The problem
Below are entries. Copy exactly the lines running from the line that holds "(segment (start 134.72" to the line that holds "F.Cu) (hatch edge 0.508)", with both ends included.

Exercise data
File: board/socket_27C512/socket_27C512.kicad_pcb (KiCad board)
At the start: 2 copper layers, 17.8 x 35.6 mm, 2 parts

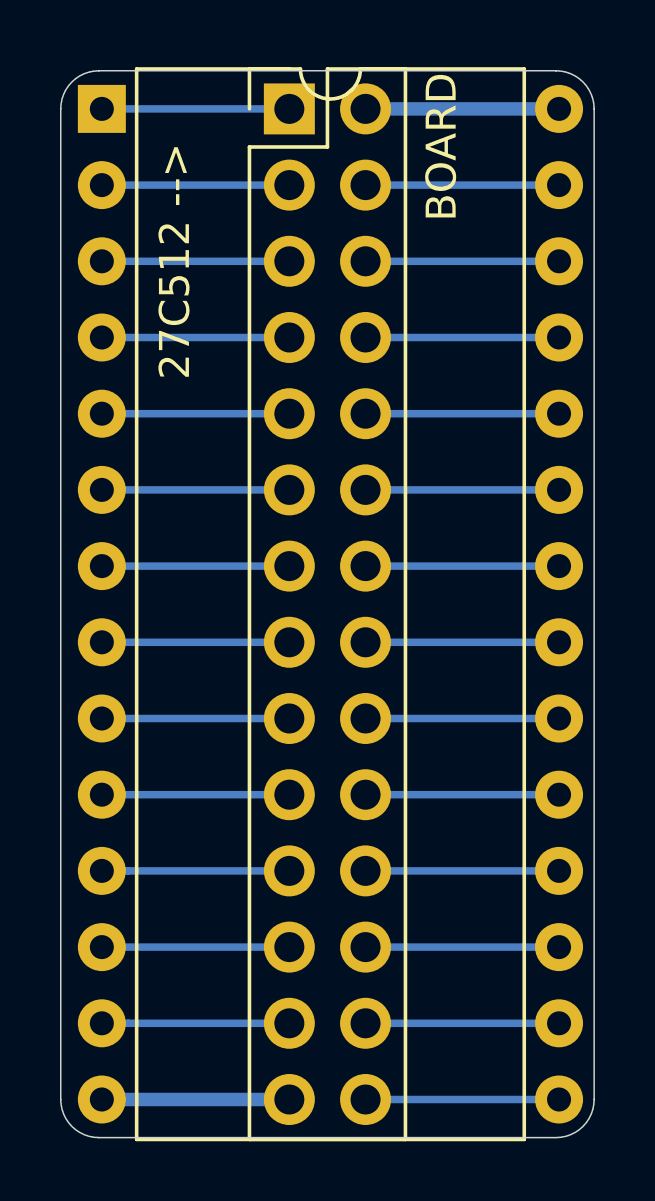
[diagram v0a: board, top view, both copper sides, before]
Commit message: Add 27C400/16 socket
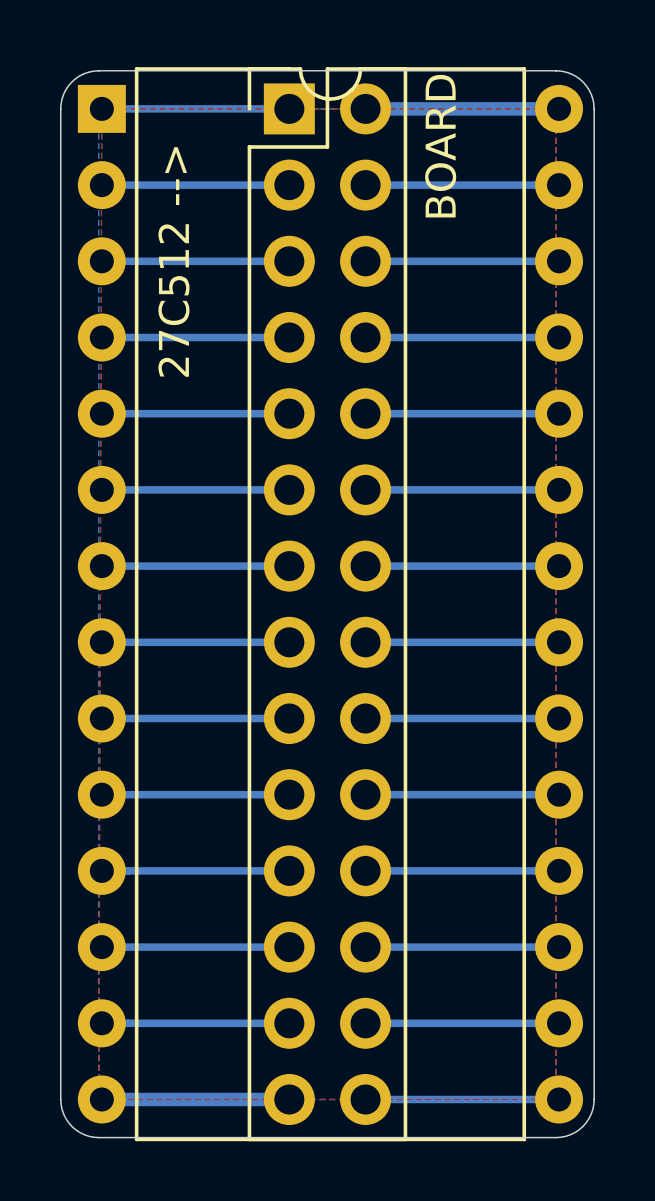
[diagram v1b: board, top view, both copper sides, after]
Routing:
- added copper zone on B.Cu, net GND
- added copper zone on F.Cu, net GND
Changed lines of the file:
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@@
       (effects (font (size 1 1) (thickness 0.15)))
     )
+    (fp_line (start 16.3 -1.55) (end -1.05 -1.55) (layer F.CrtYd) (width 0.05))
+    (fp_line (start 16.3 34.55) (end 16.3 -1.55) (layer F.CrtYd) (width 0.05))
+    (fp_line (start -1.05 34.55) (end 16.3 34.55) (layer F.CrtYd) (width 0.05))
+    (fp_line (start -1.05 -1.55) (end -1.05 34.55) (layer F.CrtYd) (width 0.05))
+    (fp_line (start 14.08 -1.33) (end 8.62 -1.33) (layer F.SilkS) (width 0.12))
+    (fp_line (start 14.08 34.35) (end 14.08 -1.33) (layer F.SilkS) (width 0.12))
+    (fp_line (start 1.16 34.35) (end 14.08 34.35) (layer F.SilkS) (width 0.12))
+    (fp_line (start 1.16 -1.33) (end 1.16 34.35) (layer F.SilkS) (width 0.12))
+    (fp_line (start 6.62 -1.33) (end 1.16 -1.33) (layer F.SilkS) (width 0.12))
+    (fp_line (start 0.255 -0.27) (end 1.255 -1.27) (layer F.Fab) (width 0.1))
+    (fp_line (start 0.255 34.29) (end 0.255 -0.27) (layer F.Fab) (width 0.1))
+    (fp_line (start 14.985 34.29) (end 0.255 34.29) (layer F.Fab) (width 0.1))
+    (fp_line (start 14.985 -1.27) (end 14.985 34.29) (layer F.Fab) (width 0.1))
+    (fp_line (start 1.255 -1.27) (end 14.985 -1.27) (layer F.Fab) (width 0.1))
     (fp_text user %R (at 7.62 16.51) (layer F.Fab)
       (effects (font (size 1 1) (thickness 0.15)))
     )
     (fp_arc (start 7.62 -1.33) (end 6.62 -1.33) (angle -180) (layer F.SilkS) (width 0.12))
-    (fp_line (start 1.255 -1.27) (end 14.985 -1.27) (layer F.Fab) (width 0.1))
-    (fp_line (start 14.985 -1.27) (end 14.985 34.29) (layer F.Fab) (width 0.1))
-    (fp_line (start 14.985 34.29) (end 0.255 34.29) (layer F.Fab) (width 0.1))
-    (fp_line (start 0.255 34.29) (end 0.255 -0.27) (layer F.Fab) (width 0.1))
-    (fp_line (start 0.255 -0.27) (end 1.255 -1.27) (layer F.Fab) (width 0.1))
-    (fp_line (start 6.62 -1.33) (end 1.16 -1.33) (layer F.SilkS) (width 0.12))
-    (fp_line (start 1.16 -1.33) (end 1.16 34.35) (layer F.SilkS) (width 0.12))
-    (fp_line (start 1.16 34.35) (end 14.08 34.35) (layer F.SilkS) (width 0.12))
-    (fp_line (start 14.08 34.35) (end 14.08 -1.33) (layer F.SilkS) (width 0.12))
-    (fp_line (start 14.08 -1.33) (end 8.62 -1.33) (layer F.SilkS) (width 0.12))
-    (fp_line (start -1.05 -1.55) (end -1.05 34.55) (layer F.CrtYd) (width 0.05))
-    (fp_line (start -1.05 34.55) (end 16.3 34.55) (layer F.CrtYd) (width 0.05))
-    (fp_line (start 16.3 34.55) (end 16.3 -1.55) (layer F.CrtYd) (width 0.05))
-    (fp_line (start 16.3 -1.55) (end -1.05 -1.55) (layer F.CrtYd) (width 0.05))
     (pad 28 thru_hole oval (at 15.24 0) (size 1.6 1.6) (drill 0.8) (layers *.Cu *.Mask)
       (net 27 /VCC_EXT))
@@
       (effects (font (size 1 1) (thickness 0.15)))
     )
+    (fp_line (start 4.35 -1.8) (end -1.8 -1.8) (layer F.CrtYd) (width 0.05))
+    (fp_line (start 4.35 34.8) (end 4.35 -1.8) (layer F.CrtYd) (width 0.05))
+    (fp_line (start -1.8 34.8) (end 4.35 34.8) (layer F.CrtYd) (width 0.05))
+    (fp_line (start -1.8 -1.8) (end -1.8 34.8) (layer F.CrtYd) (width 0.05))
+    (fp_line (start -1.33 -1.33) (end 0 -1.33) (layer F.SilkS) (width 0.12))
+    (fp_line (start -1.33 0) (end -1.33 -1.33) (layer F.SilkS) (width 0.12))
+    (fp_line (start 1.27 -1.33) (end 3.87 -1.33) (layer F.SilkS) (width 0.12))
+    (fp_line (start 1.27 1.27) (end 1.27 -1.33) (layer F.SilkS) (width 0.12))
+    (fp_line (start -1.33 1.27) (end 1.27 1.27) (layer F.SilkS) (width 0.12))
+    (fp_line (start 3.87 -1.33) (end 3.87 34.35) (layer F.SilkS) (width 0.12))
+    (fp_line (start -1.33 1.27) (end -1.33 34.35) (layer F.SilkS) (width 0.12))
+    (fp_line (start -1.33 34.35) (end 3.87 34.35) (layer F.SilkS) (width 0.12))
+    (fp_line (start -1.27 0) (end 0 -1.27) (layer F.Fab) (width 0.1))
+    (fp_line (start -1.27 34.29) (end -1.27 0) (layer F.Fab) (width 0.1))
+    (fp_line (start 3.81 34.29) (end -1.27 34.29) (layer F.Fab) (width 0.1))
+    (fp_line (start 3.81 -1.27) (end 3.81 34.29) (layer F.Fab) (width 0.1))
+    (fp_line (start 0 -1.27) (end 3.81 -1.27) (layer F.Fab) (width 0.1))
     (fp_text user %R (at 1.27 16.51 90) (layer F.Fab)
       (effects (font (size 1 1) (thickness 0.15)))
     )
-    (fp_line (start 0 -1.27) (end 3.81 -1.27) (layer F.Fab) (width 0.1))
-    (fp_line (start 3.81 -1.27) (end 3.81 34.29) (layer F.Fab) (width 0.1))
-    (fp_line (start 3.81 34.29) (end -1.27 34.29) (layer F.Fab) (width 0.1))
-    (fp_line (start -1.27 34.29) (end -1.27 0) (layer F.Fab) (width 0.1))
-    (fp_line (start -1.27 0) (end 0 -1.27) (layer F.Fab) (width 0.1))
-    (fp_line (start -1.33 34.35) (end 3.87 34.35) (layer F.SilkS) (width 0.12))
-    (fp_line (start -1.33 1.27) (end -1.33 34.35) (layer F.SilkS) (width 0.12))
-    (fp_line (start 3.87 -1.33) (end 3.87 34.35) (layer F.SilkS) (width 0.12))
-    (fp_line (start -1.33 1.27) (end 1.27 1.27) (layer F.SilkS) (width 0.12))
-    (fp_line (start 1.27 1.27) (end 1.27 -1.33) (layer F.SilkS) (width 0.12))
-    (fp_line (start 1.27 -1.33) (end 3.87 -1.33) (layer F.SilkS) (width 0.12))
-    (fp_line (start -1.33 0) (end -1.33 -1.33) (layer F.SilkS) (width 0.12))
-    (fp_line (start -1.33 -1.33) (end 0 -1.33) (layer F.SilkS) (width 0.12))
-    (fp_line (start -1.8 -1.8) (end -1.8 34.8) (layer F.CrtYd) (width 0.05))
-    (fp_line (start -1.8 34.8) (end 4.35 34.8) (layer F.CrtYd) (width 0.05))
-    (fp_line (start 4.35 34.8) (end 4.35 -1.8) (layer F.CrtYd) (width 0.05))
-    (fp_line (start 4.35 -1.8) (end -1.8 -1.8) (layer F.CrtYd) (width 0.05))
     (pad 28 thru_hole oval (at 2.54 33.02) (size 1.7 1.7) (drill 1) (layers *.Cu *.Mask)
       (net 1 /D3))
@@
   (segment (start 134.72 73.66) (end 128.27 73.66) (width 0.45) (layer B.Cu) (net 27))
   (segment (start 125.73 73.66) (end 119.48 73.66) (width 0.25) (layer B.Cu) (net 28))
+  (zone (net 2) (net_name GND) (layer B.Cu) (hatch edge 0.508)
+    (connect_pads (clearance 0.508))
+    (min_thickness 0.254)
+    (fill yes (arc_segments 32) (thermal_gap 0.508) (thermal_bridge_width 0.508))
+    (polygon
+      (pts
+        (xy 134.62 106.68) (xy 119.38 106.68) (xy 119.38 73.66) (xy 134.62 73.66)
+      )
+    )
+  )
+  (zone (net 2) (net_name GND) (layer F.Cu) (hatch edge 0.508)
+    (connect_pads (clearance 0.508))
+    (min_thickness 0.254)
+    (fill yes (arc_segments 32) (thermal_gap 0.508) (thermal_bridge_width 0.508))
+    (polygon
+      (pts
+        (xy 134.62 106.68) (xy 119.38 106.68) (xy 119.48 73.66) (xy 134.62 73.66)
+      )
+    )
+  )
 )

Task answer
   (segment (start 134.72 73.66) (end 128.27 73.66) (width 0.45) (layer B.Cu) (net 27))
   (segment (start 125.73 73.66) (end 119.48 73.66) (width 0.25) (layer B.Cu) (net 28))
+  (zone (net 2) (net_name GND) (layer B.Cu) (hatch edge 0.508)
+    (connect_pads (clearance 0.508))
+    (min_thickness 0.254)
+    (fill yes (arc_segments 32) (thermal_gap 0.508) (thermal_bridge_width 0.508))
+    (polygon
+      (pts
+        (xy 134.62 106.68) (xy 119.38 106.68) (xy 119.38 73.66) (xy 134.62 73.66)
+      )
+    )
+  )
+  (zone (net 2) (net_name GND) (layer F.Cu) (hatch edge 0.508)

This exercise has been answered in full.